Thank you for any input !


----------



## baboon (Aug 7, 2008)

Wow, this may get the repair thread of the year. The keel is not realy suported by the skin of the hull, but rather the grid build into the whole bottom of the boat. The fact that it failed is really an eye opener. My guess is to make it truly safe you will exceed the value of a 36 year old boat by a large margin. If you are commited to this boat get an experienced person on site to look at it. Any advice you get on the net, including mine, is not reliable enought to trust your safety.


----------



## SloopJonB (Jun 6, 2011)

It looks like a writeoff to me. Unless that boat has enormous sentimental value, get another boat. An old C&C 24 is worth less than the materials needed to fix that damage, never mind any labour (of which there will be LOTS).

Strip it of all useful gear for resale and scrap it.

Sorry.


----------



## gus_452000 (Mar 11, 2012)

Sorry but that looks terminal to me, even with all the will in the world and free labour it would still cost more in materials to repair and make safe then buying another similar boat of younger years.


----------



## eherlihy (Jan 2, 2007)

From your pictures, and this perspective; yes, it looks like this was poorly patched before.

Can it be fixed? Yes - all it will cost is time and money. It will take lots of both.

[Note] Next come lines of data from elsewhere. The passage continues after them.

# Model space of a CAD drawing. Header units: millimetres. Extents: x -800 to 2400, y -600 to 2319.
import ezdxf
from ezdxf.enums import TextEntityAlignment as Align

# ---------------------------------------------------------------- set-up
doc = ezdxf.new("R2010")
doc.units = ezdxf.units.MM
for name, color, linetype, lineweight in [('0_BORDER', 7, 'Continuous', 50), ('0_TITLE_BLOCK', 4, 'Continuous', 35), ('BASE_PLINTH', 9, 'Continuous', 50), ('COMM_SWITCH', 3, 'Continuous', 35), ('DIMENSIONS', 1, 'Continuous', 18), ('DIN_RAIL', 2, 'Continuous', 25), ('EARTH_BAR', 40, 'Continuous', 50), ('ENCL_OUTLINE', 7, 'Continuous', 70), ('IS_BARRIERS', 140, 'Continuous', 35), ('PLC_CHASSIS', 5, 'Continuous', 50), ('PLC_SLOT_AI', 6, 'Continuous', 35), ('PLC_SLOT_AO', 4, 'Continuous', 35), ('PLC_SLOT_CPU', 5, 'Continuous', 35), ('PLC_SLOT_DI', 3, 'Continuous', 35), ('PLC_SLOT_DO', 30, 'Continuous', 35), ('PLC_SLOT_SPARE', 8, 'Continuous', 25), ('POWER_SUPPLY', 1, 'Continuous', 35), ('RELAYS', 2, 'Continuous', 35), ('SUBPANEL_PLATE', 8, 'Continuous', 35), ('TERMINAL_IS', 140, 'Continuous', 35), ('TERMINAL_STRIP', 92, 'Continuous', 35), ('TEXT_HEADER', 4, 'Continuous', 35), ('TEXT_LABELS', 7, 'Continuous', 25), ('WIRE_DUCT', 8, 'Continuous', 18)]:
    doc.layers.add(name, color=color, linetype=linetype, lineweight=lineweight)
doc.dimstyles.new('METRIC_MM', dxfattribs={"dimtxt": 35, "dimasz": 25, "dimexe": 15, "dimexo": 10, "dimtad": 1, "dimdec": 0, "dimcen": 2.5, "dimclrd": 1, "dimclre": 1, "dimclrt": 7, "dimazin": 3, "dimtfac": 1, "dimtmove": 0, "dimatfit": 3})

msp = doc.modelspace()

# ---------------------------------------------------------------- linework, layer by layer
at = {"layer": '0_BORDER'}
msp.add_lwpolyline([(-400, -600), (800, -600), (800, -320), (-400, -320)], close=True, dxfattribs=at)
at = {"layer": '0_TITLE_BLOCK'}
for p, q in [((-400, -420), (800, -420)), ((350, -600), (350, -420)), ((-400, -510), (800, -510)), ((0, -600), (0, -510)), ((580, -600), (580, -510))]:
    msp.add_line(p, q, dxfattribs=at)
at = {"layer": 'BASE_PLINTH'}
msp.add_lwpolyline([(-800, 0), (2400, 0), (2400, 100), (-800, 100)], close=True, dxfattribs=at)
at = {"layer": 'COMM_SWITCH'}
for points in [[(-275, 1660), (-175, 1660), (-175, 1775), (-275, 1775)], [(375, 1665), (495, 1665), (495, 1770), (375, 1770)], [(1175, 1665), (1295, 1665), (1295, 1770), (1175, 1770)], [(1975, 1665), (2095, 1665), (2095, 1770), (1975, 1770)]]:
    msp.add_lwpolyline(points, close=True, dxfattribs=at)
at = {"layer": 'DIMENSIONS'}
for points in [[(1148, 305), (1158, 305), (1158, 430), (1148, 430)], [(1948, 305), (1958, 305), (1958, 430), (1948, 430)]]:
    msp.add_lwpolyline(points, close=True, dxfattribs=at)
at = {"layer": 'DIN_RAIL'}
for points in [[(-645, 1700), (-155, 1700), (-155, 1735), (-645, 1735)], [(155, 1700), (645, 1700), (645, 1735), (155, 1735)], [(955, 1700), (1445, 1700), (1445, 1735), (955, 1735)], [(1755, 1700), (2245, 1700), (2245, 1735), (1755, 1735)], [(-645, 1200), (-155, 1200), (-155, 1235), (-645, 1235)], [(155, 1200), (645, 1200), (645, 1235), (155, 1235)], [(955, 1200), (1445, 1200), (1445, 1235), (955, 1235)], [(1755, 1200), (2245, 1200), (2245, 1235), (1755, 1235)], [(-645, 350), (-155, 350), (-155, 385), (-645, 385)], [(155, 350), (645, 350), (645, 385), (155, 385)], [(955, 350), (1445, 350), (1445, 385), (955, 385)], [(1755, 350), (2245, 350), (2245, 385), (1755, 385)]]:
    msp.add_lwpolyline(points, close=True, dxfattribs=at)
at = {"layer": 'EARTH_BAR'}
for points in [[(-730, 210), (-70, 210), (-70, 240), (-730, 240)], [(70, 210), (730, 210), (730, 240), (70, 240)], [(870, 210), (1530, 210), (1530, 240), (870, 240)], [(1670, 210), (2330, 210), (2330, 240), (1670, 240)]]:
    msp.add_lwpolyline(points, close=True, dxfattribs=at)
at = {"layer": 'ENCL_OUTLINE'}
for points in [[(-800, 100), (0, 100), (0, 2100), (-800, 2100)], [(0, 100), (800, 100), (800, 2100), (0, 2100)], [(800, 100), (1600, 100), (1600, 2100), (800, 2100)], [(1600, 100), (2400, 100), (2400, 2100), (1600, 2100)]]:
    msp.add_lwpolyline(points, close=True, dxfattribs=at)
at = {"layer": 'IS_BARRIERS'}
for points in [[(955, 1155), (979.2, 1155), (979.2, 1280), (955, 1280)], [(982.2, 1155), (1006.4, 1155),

I believe the stated message in the previous posts, is that you could buy another C&C 24, in better shape, for less than the costs involved in properly repairing this one.


----------



## rugosa (Aug 30, 2011)

Unless your insurance is covering the WHOLE cost, strip it, scrap it and find another boat. Spars, sails, winches, toe rails, hardware, rudder all have value if you are inclined to salvage them. The previous repair looks questionable, and you definitely hit hard Did your surveyor comment about the previous repair?


----------



## dabnis (Jul 29, 2007)

Agree with all, get rid of it. How much is your and your skipper's lives worth?

Paul T


----------



## WDS123 (Apr 2, 2011)

Scrap lead pays about $1 a lb these days


----------



## davidpm (Oct 22, 2007)

mainer24 said:


> When my skipper ran the boat into an underwater ledge, we didn't feel a shock or a stop, just heard a big noise, and the boat started taking water. Once pulled away from the ledge it sank in a minute :-( It's been salvaged a few days ago and I wonder if it can be fixed.!


Were you on the boat when it hit?
How fast were you going?
I'm surprised you didn't feel it more. What exactly did it feel like.

Would you mind sharing the salvage story?
I'm having a hard time visualizing it.

As far as what to do with the boat the process is pretty straight forward. Get someone over who is well respected and ask how much it is going to cost. During that discussion you will find out how many days it will take. If you plan on doing it yourself pick some whole number greater than one and multiply it by the professional number and you will have an idea.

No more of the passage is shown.